Wherever a line holds the word "range", copy that line from the data.

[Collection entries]
━━━━━━━━
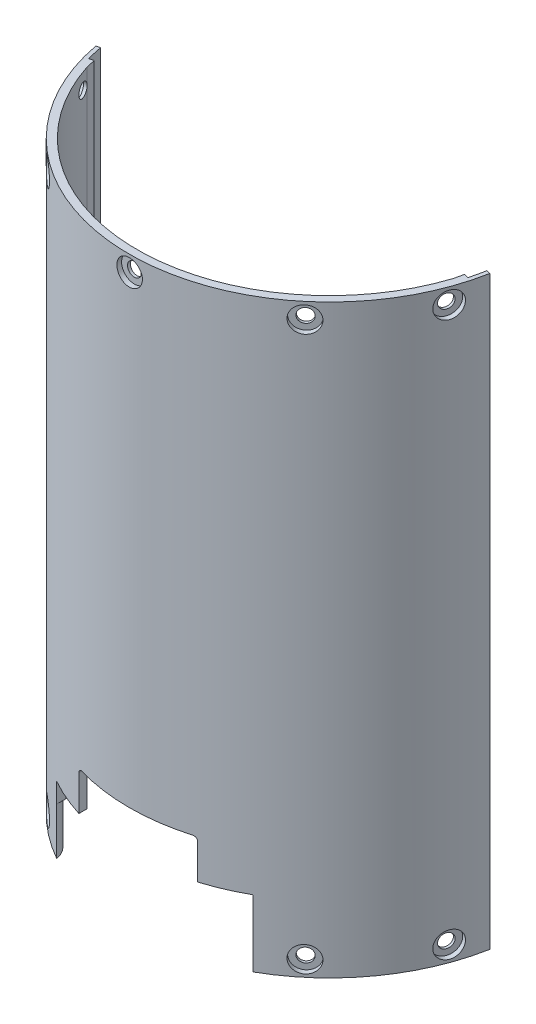
from build123d import *

# Parameters (mm, degrees)
EXTRUDE_1_DEPTH          = 149
CUT_EXTRUDE_1_DEPTH      = 12
CUT_EXTRUDE_2_DEPTH      = 5
CUT_EXTRUDE_START        = -10
CUT_EXTRUDE_3_DEPTH      = 10
FILLET_1_R               = 1
SKETCH_6_R               = 3.25
CUT_EXTRUDE_5_DEPTH      = 1.3
SKETCH_7_R               = 1.75
CUT_EXTRUDE_6_DEPTH      = 163.352474968
PATTERN_CIRCULAR_1_COUNT = 10
PATTERN_CIRCULAR_1_ANGLE = 90
PATTERN_CIRCULAR_2_COUNT = 10
PATTERN_CIRCULAR_2_ANGLE = 90
SKETCH_8_R               = 3.25
CUT_EXTRUDE_7_DEPTH      = 1.3
SKETCH_9_R               = 1.75
CUT_EXTRUDE_8_DEPTH      = 181.925149365
PATTERN_CIRCULAR_3_COUNT = 4
PATTERN_CIRCULAR_3_ANGLE = 30
MIRROR_1_COPY_1_SKETCH_R = 3.25
MIRROR_1_COPY_1_DEPTH    = 1.3
MIRROR_1_COPY_2_SKETCH_R = 1.75
MIRROR_1_COPY_2_DEPTH    = 181.925149365


with BuildPart() as part:
    # Эскиз1 → Бобышка-Вытянуть1 (new body)
    with BuildSketch(Plane(origin=(0, 0, 0), x_dir=(1, 0, 0), z_dir=(0, 1, 0))):
        with BuildLine():
            Line((-49.155394108, -9.151351269), (-50.131159715, -9.373730613))
            ThreePointArc((-50.131159715, -9.373730613), (-41.45838783, -29.701886784), (-25, -44.452221542))
            ThreePointArc((-25, -44.452221542), (0, -51), (25, -44.452221542))
            ThreePointArc((25, -44.452221542), (41.45838783, -29.701886784), (50.131159715, -9.373730613))
            Line((50.131159715, -9.373730613), (49.155394108, -9.151351269))
            ThreePointArc((49.155394108, -9.151351269), (48.75, -11.110243022), (48.266574667, -13.051351269))
            Line((48.266574667, -13.051351269), (47.135590279, -12.793597189))
            Line((47.135590279, -12.793597189), (46.597261479, -15.155699345))
            ThreePointArc((46.597261479, -15.155699345), (39.178364628, -29.428825071), (27.53711134, -40.530328139))
            ThreePointArc((27.53711134, -40.530328139), (0, -49), (-27.53711134, -40.530328139))
            ThreePointArc((-27.53711134, -40.530328139), (-39.178364628, -29.428825071), (-46.597261479, -15.155699345))
            Line((-46.597261479, -15.155699345), (-47.135590279, -12.793597189))
            Line((-47.135590279, -12.793597189), (-48.266574667, -13.051351269))
            ThreePointArc((-48.266574667, -13.051351269), (-48.75, -11.110243022), (-49.155394108, -9.151351269))
        make_face()
    extrude(amount=EXTRUDE_1_DEPTH)

    # Эскиз3 → Вырез-Вытянуть1 (cut)
    with BuildSketch(Plane(origin=(0, 0, 0), x_dir=(1, 0, 0), z_dir=(0, 1, 0))):
        with BuildLine():
            ThreePointArc((-25, -44.452221542), (0, -51), (25, -44.452221542))
            ThreePointArc((25, -44.452221542), (25.871239234, -42.234246937), (27.53711134, -40.530328139))
            ThreePointArc((27.53711134, -40.530328139), (0, -49), (-27.53711134, -40.530328139))
            ThreePointArc((-27.53711134, -40.530328139), (-25.871239234, -42.234246937), (-25, -44.452221542))
        make_face()
    extrude(amount=CUT_EXTRUDE_1_DEPTH, mode=Mode.SUBTRACT)

    # Эскиз4 → Вырез-Вытянуть2 (cut)
    with BuildSketch(Plane.XZ.offset(-12)):
        with BuildLine():
            Line((-25, 42.142615011), (-25, 44.452221542))
            ThreePointArc((-25, 44.452221542), (0, 51), (25, 44.452221542))
            Line((25, 44.452221542), (25, 42.142615011))
            ThreePointArc((25, 42.142615011), (0, 49), (-25, 42.142615011))
        make_face()
    extrude(amount=-CUT_EXTRUDE_2_DEPTH, mode=Mode.SUBTRACT)

    # Эскиз5 → Вырез-Вытянуть3 (cut)
    with BuildSketch(Plane.XZ.offset(-17).offset(CUT_EXTRUDE_START)):
        with BuildLine():
            Line((-15.1, 46.089478192), (-15.1, 49.236571773))
            ThreePointArc((-15.1, 49.236571773), (0, 51.5), (15.1, 49.236571773))
            Line((15.1, 49.236571773), (15.1, 46.089478192))
            ThreePointArc((15.1, 46.089478192), (0, 48.5), (-15.1, 46.089478192))
        make_face()
    extrude(amount=CUT_EXTRUDE_3_DEPTH, mode=Mode.SUBTRACT)

    # Скругление1
    fillet_1_edges = [part.edges().sort_by_distance(p)[0] for p in [
        (-15.1, 27, 47.664343008),
        (15.1, 27, 47.664343008),
    ]]
    fillet(fillet_1_edges, radius=FILLET_1_R)

    # Эскиз6 → Вырез-Вытянуть5 (cut)
    with BuildSketch(Plane.XY.offset(51)):
        with Locations((0, 145)):
            Circle(SKETCH_6_R)
    cut_extrude_5 = extrude(amount=-CUT_EXTRUDE_5_DEPTH, mode=Mode.SUBTRACT)

    # Эскиз7 → Вырез-Вытянуть6 (cut, through all)
    with BuildSketch(Plane.XY.offset(49.7)):
        with Locations((0, 145)):
            Circle(SKETCH_7_R)
    cut_extrude_6 = extrude(amount=-CUT_EXTRUDE_6_DEPTH, mode=Mode.SUBTRACT)

    # Круговой массив1: Вырез-Вытянуть5, Вырез-Вытянуть6 ×10 about axis, 7 skipped
    pattern_circular_1_axis = Axis((0, 149, 0), (0, -1, 0))
    add([cut_extrude_5.rotate(pattern_circular_1_axis, i * PATTERN_CIRCULAR_1_ANGLE / (PATTERN_CIRCULAR_1_COUNT - 1)) for i in range(1, PATTERN_CIRCULAR_1_COUNT) if i not in (1, 2, 3, 5, 6, 8, 9)], mode=Mode.SUBTRACT)
    add([cut_extrude_6.rotate(pattern_circular_1_axis, i * PATTERN_CIRCULAR_1_ANGLE / (PATTERN_CIRCULAR_1_COUNT - 1)) for i in range(1, PATTERN_CIRCULAR_1_COUNT) if i not in (1, 2, 3, 5, 6, 8, 9)], mode=Mode.SUBTRACT)

    # Круговой массив2: Вырез-Вытянуть5, Вырез-Вытянуть6 ×10 about axis, 7 skipped
    pattern_circular_2_axis = Axis((0, 149, 0), (0, 1, 0))
    add([cut_extrude_5.rotate(pattern_circular_2_axis, i * PATTERN_CIRCULAR_2_ANGLE / (PATTERN_CIRCULAR_2_COUNT - 1)) for i in range(1, PATTERN_CIRCULAR_2_COUNT) if i not in (1, 2, 3, 5, 6, 8, 9)], mode=Mode.SUBTRACT)
    add([cut_extrude_6.rotate(pattern_circular_2_axis, i * PATTERN_CIRCULAR_2_ANGLE / (PATTERN_CIRCULAR_2_COUNT - 1)) for i in range(1, PATTERN_CIRCULAR_2_COUNT) if i not in (1, 2, 3, 5, 6, 8, 9)], mode=Mode.SUBTRACT)

    # Эскиз8 → Вырез-Вытянуть7 (cut)
    with BuildSketch(Plane(origin=(-47.92432366, 0, 17.44302731), x_dir=(0, -1, 0), z_dir=(-0.9396926207859094, 0, 0.34202014332566616))):
        with Locations(Location((-4, 0, 0), (0, 0, 90))):
            Circle(SKETCH_8_R)
    cut_extrude_7 = extrude(amount=-CUT_EXTRUDE_7_DEPTH, mode=Mode.SUBTRACT)

    # Эскиз9 → Вырез-Вытянуть8 (cut, through all)
    with BuildSketch(Plane(origin=(-46.702723253, 0, 16.998401123), x_dir=(0.34202014332566616, 0, 0.9396926207859094), z_dir=(-0.9396926207859094, 0, 0.34202014332566616))):
        with Locations((0, 4)):
            Circle(SKETCH_9_R)
    cut_extrude_8 = extrude(amount=-CUT_EXTRUDE_8_DEPTH, mode=Mode.SUBTRACT)

    # Круговой массив3: Вырез-Вытянуть7, Вырез-Вытянуть8 ×4 about axis, 2 skipped
    pattern_circular_3_axis = Axis((0, 0, 0), (0, 1, 0))
    add([cut_extrude_7.rotate(pattern_circular_3_axis, i * PATTERN_CIRCULAR_3_ANGLE / (PATTERN_CIRCULAR_3_COUNT - 1)) for i in range(1, PATTERN_CIRCULAR_3_COUNT) if i not in (1, 2)], mode=Mode.SUBTRACT)
    add([cut_extrude_8.rotate(pattern_circular_3_axis, i * PATTERN_CIRCULAR_3_ANGLE / (PATTERN_CIRCULAR_3_COUNT - 1)) for i in range(1, PATTERN_CIRCULAR_3_COUNT) if i not in (1, 2)], mode=Mode.SUBTRACT)

    # Зеркальное отражение1: Вырез-Вытянуть7, Вырез-Вытянуть8 across plane
    add(cut_extrude_7.mirror(Plane(origin=(0, 0, 0), x_dir=(0, 0, 1), z_dir=(1, 0, 0))), mode=Mode.SUBTRACT)
    add(cut_extrude_8.mirror(Plane(origin=(0, 0, 0), x_dir=(0, 0, 1), z_dir=(1, 0, 0))), mode=Mode.SUBTRACT)

    # Зеркальное отражение1 copy 1 sketch → Зеркальное отражение1 copy 1 (cut)
    with BuildSketch(Plane(origin=(32.782168094, 0, 39.068266599), x_dir=(0, -1, 0), z_dir=(0.6427876096865406, 0, 0.7660444431189772))):
        with Locations((-4, 0)):
            Circle(MIRROR_1_COPY_1_SKETCH_R)
    extrude(amount=-MIRROR_1_COPY_1_DEPTH, mode=Mode.SUBTRACT)

    # Зеркальное отражение1 copy 2 sketch → Зеркальное отражение1 copy 2 (cut, through all)
    with BuildSketch(Plane(origin=(31.946544201, 0, 38.072408823), x_dir=(-0.7660444431189772, 0, 0.6427876096865406), z_dir=(0.6427876096865406, 0, 0.7660444431189772))):
        with Locations((0, -4)):
            Circle(MIRROR_1_COPY_2_SKETCH_R)
    extrude(amount=-MIRROR_1_COPY_2_DEPTH, mode=Mode.SUBTRACT)


solid = part.part
━━━━━━━━
Exercise result ::
    add([cut_extrude_5.rotate(pattern_circular_1_axis, i * PATTERN_CIRCULAR_1_ANGLE / (PATTERN_CIRCULAR_1_COUNT - 1)) for i in range(1, PATTERN_CIRCULAR_1_COUNT) if i not in (1, 2, 3, 5, 6, 8, 9)], mode=Mode.SUBTRACT)
    add([cut_extrude_6.rotate(pattern_circular_1_axis, i * PATTERN_CIRCULAR_1_ANGLE / (PATTERN_CIRCULAR_1_COUNT - 1)) for i in range(1, PATTERN_CIRCULAR_1_COUNT) if i not in (1, 2, 3, 5, 6, 8, 9)], mode=Mode.SUBTRACT)
    add([cut_extrude_5.rotate(pattern_circular_2_axis, i * PATTERN_CIRCULAR_2_ANGLE / (PATTERN_CIRCULAR_2_COUNT - 1)) for i in range(1, PATTERN_CIRCULAR_2_COUNT) if i not in (1, 2, 3, 5, 6, 8, 9)], mode=Mode.SUBTRACT)
    add([cut_extrude_6.rotate(pattern_circular_2_axis, i * PATTERN_CIRCULAR_2_ANGLE / (PATTERN_CIRCULAR_2_COUNT - 1)) for i in range(1, PATTERN_CIRCULAR_2_COUNT) if i not in (1, 2, 3, 5, 6, 8, 9)], mode=Mode.SUBTRACT)
    add([cut_extrude_7.rotate(pattern_circular_3_axis, i * PATTERN_CIRCULAR_3_ANGLE / (PATTERN_CIRCULAR_3_COUNT - 1)) for i in range(1, PATTERN_CIRCULAR_3_COUNT) if i not in (1, 2)], mode=Mode.SUBTRACT)
    add([cut_extrude_8.rotate(pattern_circular_3_axis, i * PATTERN_CIRCULAR_3_ANGLE / (PATTERN_CIRCULAR_3_COUNT - 1)) for i in range(1, PATTERN_CIRCULAR_3_COUNT) if i not in (1, 2)], mode=Mode.SUBTRACT)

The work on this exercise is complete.